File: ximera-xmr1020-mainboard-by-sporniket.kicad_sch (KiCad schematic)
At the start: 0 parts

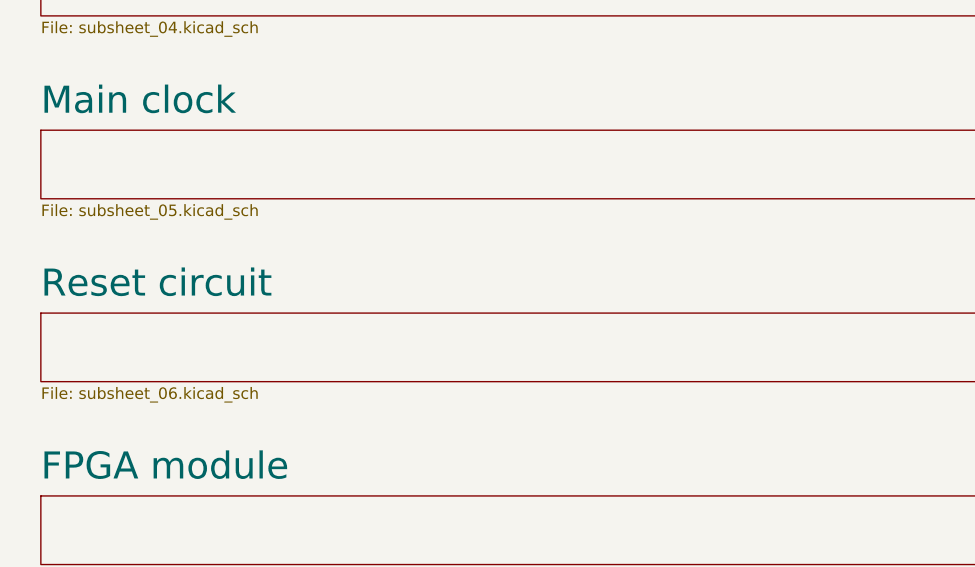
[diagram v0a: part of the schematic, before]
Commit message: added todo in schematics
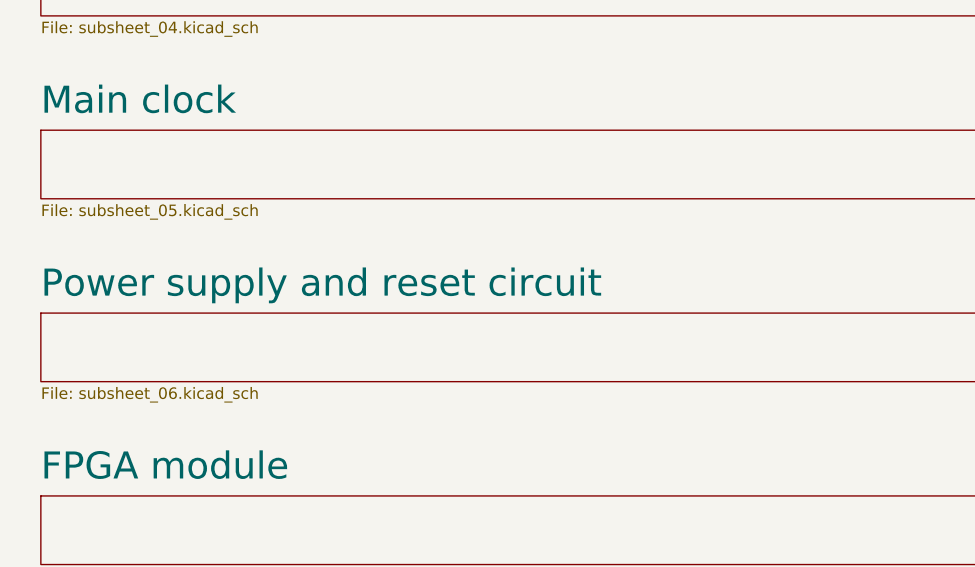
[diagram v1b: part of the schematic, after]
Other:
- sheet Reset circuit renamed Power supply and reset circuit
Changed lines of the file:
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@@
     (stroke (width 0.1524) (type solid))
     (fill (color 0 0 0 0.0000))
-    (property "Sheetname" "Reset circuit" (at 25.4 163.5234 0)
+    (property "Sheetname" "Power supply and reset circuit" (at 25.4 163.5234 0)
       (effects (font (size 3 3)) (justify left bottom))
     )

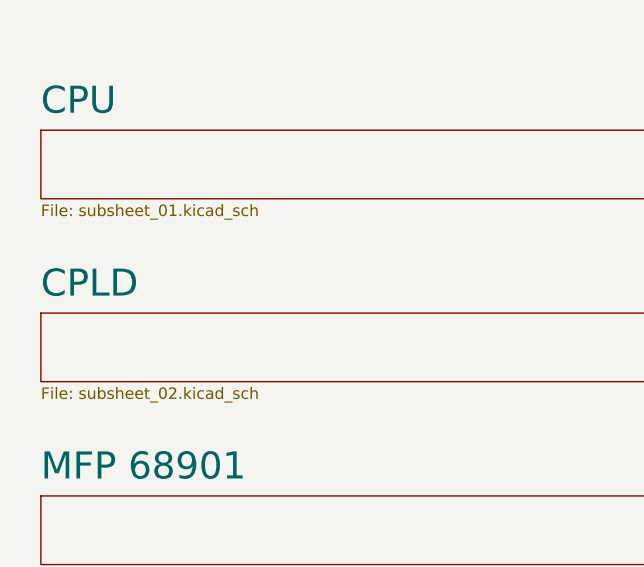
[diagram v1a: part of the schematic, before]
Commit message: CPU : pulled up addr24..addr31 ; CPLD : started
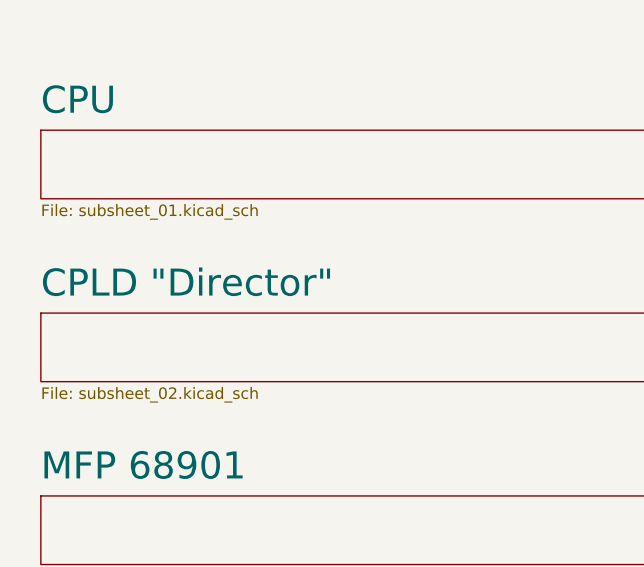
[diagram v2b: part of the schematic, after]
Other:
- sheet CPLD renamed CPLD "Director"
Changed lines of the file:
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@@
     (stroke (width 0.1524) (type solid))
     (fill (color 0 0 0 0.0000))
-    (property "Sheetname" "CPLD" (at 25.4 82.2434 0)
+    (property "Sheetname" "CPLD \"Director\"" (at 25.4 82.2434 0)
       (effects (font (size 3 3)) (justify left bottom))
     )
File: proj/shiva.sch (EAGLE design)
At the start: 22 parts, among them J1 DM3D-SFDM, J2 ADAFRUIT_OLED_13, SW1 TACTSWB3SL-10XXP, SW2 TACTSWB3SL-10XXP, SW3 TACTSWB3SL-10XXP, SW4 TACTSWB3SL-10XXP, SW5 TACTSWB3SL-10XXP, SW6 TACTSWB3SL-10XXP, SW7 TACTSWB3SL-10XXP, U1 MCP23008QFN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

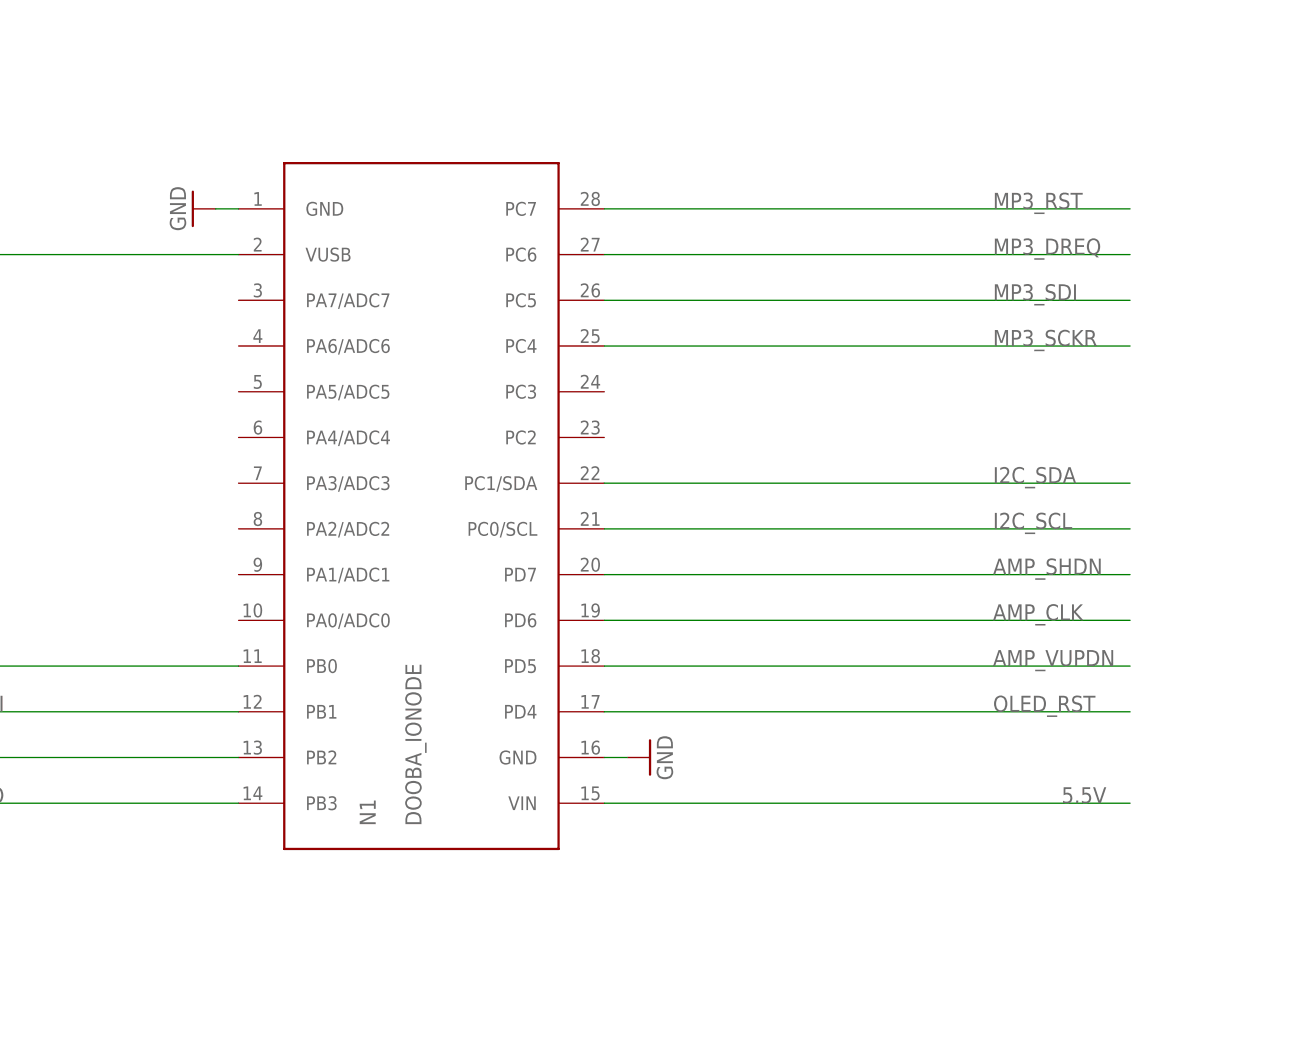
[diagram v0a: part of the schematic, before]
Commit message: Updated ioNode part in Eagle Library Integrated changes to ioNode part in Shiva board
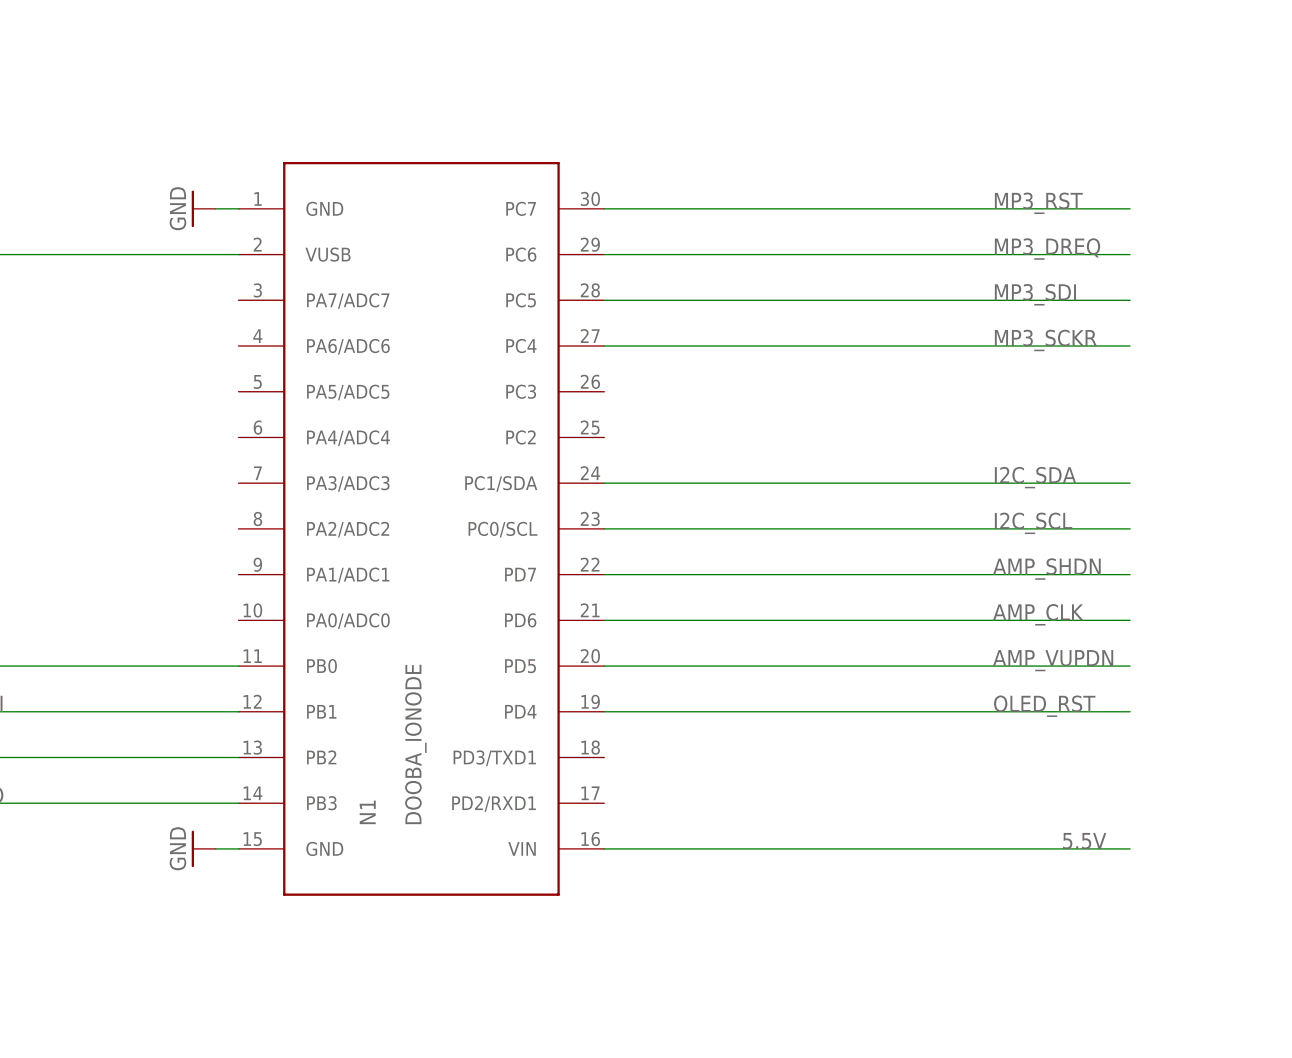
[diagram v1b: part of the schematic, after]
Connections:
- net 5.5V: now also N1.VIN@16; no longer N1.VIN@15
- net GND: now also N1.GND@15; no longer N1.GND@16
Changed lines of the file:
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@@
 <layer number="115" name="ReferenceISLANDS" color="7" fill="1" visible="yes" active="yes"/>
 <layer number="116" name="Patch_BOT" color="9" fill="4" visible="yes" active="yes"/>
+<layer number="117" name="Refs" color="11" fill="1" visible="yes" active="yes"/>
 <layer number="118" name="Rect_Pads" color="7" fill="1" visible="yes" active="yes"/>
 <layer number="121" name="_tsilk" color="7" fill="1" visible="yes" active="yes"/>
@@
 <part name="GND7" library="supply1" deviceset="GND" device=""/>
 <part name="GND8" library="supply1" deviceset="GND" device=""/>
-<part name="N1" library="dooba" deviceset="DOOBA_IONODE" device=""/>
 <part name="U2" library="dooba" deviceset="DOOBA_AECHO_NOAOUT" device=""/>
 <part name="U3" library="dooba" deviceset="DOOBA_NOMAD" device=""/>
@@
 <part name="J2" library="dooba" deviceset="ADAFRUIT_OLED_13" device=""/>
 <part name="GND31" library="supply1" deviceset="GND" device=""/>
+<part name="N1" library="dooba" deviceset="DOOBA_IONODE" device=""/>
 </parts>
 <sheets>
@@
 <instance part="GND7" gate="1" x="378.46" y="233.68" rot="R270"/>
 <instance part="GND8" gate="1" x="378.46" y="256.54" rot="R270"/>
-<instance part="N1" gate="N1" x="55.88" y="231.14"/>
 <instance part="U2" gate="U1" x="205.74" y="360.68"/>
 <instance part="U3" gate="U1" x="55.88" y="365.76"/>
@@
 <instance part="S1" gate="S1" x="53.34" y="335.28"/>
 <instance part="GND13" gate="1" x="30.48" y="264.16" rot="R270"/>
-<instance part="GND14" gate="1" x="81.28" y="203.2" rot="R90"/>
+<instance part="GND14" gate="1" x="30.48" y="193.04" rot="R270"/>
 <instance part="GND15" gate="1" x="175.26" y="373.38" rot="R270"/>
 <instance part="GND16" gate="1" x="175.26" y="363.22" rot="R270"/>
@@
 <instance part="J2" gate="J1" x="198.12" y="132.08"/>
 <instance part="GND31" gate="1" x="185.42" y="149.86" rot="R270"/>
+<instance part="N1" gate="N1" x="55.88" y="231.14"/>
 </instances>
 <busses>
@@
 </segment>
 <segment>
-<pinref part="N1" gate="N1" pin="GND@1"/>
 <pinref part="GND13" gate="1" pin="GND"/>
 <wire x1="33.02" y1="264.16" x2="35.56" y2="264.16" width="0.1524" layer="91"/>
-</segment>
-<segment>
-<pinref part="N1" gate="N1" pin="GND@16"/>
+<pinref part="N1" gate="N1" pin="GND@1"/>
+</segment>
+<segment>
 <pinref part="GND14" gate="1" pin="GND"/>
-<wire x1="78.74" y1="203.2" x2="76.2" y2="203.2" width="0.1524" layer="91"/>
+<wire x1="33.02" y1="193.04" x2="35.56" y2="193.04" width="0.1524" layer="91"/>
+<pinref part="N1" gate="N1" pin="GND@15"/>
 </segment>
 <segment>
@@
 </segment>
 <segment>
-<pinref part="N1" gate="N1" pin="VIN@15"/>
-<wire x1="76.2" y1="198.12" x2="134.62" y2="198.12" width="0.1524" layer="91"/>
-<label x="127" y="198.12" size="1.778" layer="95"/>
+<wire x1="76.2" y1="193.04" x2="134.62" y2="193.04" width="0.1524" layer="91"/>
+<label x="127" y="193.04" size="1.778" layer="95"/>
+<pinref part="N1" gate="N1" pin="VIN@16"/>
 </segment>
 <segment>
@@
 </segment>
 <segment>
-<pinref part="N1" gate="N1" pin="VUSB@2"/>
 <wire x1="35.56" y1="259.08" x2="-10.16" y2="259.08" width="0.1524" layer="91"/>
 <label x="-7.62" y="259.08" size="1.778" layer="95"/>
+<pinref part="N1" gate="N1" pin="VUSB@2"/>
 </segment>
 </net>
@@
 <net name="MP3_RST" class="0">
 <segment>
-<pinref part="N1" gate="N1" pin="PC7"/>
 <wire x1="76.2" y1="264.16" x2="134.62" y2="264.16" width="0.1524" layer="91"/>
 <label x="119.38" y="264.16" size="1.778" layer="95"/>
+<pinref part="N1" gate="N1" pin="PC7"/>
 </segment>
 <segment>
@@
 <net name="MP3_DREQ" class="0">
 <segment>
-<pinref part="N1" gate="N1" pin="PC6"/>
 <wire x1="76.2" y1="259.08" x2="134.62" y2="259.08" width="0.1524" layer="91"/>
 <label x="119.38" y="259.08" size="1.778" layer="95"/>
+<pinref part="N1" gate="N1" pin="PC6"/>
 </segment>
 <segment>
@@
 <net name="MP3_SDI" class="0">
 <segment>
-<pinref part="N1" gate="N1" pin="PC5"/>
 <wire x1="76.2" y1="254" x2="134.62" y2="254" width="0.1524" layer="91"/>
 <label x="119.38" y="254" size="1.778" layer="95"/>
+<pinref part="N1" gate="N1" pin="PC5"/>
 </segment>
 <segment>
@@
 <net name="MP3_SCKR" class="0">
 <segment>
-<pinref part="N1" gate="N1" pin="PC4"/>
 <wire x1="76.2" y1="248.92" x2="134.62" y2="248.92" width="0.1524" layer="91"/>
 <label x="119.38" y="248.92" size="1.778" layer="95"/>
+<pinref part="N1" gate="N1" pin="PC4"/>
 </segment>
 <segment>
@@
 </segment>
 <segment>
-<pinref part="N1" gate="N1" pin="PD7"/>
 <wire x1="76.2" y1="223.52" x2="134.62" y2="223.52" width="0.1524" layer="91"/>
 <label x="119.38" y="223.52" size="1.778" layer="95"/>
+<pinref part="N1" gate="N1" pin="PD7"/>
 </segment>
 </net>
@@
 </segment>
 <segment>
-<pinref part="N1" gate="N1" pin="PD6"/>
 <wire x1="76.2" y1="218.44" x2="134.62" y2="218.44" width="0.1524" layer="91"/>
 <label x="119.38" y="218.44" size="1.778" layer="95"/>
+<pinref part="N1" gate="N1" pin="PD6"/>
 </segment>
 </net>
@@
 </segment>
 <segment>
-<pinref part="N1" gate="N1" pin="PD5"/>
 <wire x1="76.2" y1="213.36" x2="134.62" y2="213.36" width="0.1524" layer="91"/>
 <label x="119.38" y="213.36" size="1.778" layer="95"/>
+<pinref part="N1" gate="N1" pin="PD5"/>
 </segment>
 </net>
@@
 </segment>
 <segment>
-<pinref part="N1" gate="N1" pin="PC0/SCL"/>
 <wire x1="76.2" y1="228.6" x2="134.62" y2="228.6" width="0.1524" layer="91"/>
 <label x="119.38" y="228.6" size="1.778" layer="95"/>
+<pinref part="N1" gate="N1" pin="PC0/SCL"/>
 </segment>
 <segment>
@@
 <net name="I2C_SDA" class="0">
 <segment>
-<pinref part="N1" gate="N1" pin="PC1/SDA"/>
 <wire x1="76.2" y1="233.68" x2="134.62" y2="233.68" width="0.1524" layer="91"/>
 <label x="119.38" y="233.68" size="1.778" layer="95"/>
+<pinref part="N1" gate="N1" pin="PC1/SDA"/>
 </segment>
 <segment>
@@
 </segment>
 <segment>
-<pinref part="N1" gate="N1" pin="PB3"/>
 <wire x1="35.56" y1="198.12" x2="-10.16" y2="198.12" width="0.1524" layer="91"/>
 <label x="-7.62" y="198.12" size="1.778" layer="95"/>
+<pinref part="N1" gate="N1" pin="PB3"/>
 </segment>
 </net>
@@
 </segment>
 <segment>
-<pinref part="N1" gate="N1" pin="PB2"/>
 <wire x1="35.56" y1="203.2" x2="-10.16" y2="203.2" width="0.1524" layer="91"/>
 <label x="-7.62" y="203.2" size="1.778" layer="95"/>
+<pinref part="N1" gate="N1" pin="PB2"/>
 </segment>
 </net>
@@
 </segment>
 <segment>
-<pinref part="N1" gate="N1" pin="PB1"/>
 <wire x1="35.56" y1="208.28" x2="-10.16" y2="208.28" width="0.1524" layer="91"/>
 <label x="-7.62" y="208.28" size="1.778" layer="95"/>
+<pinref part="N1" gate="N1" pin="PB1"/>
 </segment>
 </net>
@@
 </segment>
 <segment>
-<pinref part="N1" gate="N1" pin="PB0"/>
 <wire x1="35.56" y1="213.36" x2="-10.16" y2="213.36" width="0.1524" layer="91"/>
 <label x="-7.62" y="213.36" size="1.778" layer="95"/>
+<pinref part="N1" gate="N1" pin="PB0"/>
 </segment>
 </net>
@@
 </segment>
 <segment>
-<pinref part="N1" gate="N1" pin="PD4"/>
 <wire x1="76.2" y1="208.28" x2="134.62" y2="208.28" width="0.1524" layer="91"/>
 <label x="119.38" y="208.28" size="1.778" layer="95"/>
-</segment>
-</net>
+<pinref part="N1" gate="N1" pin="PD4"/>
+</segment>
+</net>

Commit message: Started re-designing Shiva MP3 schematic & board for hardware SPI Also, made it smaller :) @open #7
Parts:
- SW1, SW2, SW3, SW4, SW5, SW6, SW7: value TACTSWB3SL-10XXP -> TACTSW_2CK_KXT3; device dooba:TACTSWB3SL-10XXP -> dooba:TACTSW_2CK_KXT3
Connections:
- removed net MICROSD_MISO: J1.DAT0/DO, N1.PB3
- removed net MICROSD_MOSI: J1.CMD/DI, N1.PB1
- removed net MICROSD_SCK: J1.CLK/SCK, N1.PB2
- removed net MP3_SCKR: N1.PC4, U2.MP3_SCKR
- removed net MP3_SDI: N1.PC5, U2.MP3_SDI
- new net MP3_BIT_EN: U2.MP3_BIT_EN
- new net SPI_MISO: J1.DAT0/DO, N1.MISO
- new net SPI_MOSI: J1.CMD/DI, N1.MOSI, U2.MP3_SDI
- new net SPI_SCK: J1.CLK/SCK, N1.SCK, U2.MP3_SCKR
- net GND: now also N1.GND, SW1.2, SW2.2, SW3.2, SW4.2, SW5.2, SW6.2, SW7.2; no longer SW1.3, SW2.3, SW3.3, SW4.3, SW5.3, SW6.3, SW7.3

━━━

* [What needs to be done]
Write out each line above containing "Sheetname".

* [Result for this task]
-    (property "Sheetname" "Reset circuit" (at 25.4 163.5234 0)
+    (property "Sheetname" "Power supply and reset circuit" (at 25.4 163.5234 0)
-    (property "Sheetname" "CPLD" (at 25.4 82.2434 0)
+    (property "Sheetname" "CPLD \"Director\"" (at 25.4 82.2434 0)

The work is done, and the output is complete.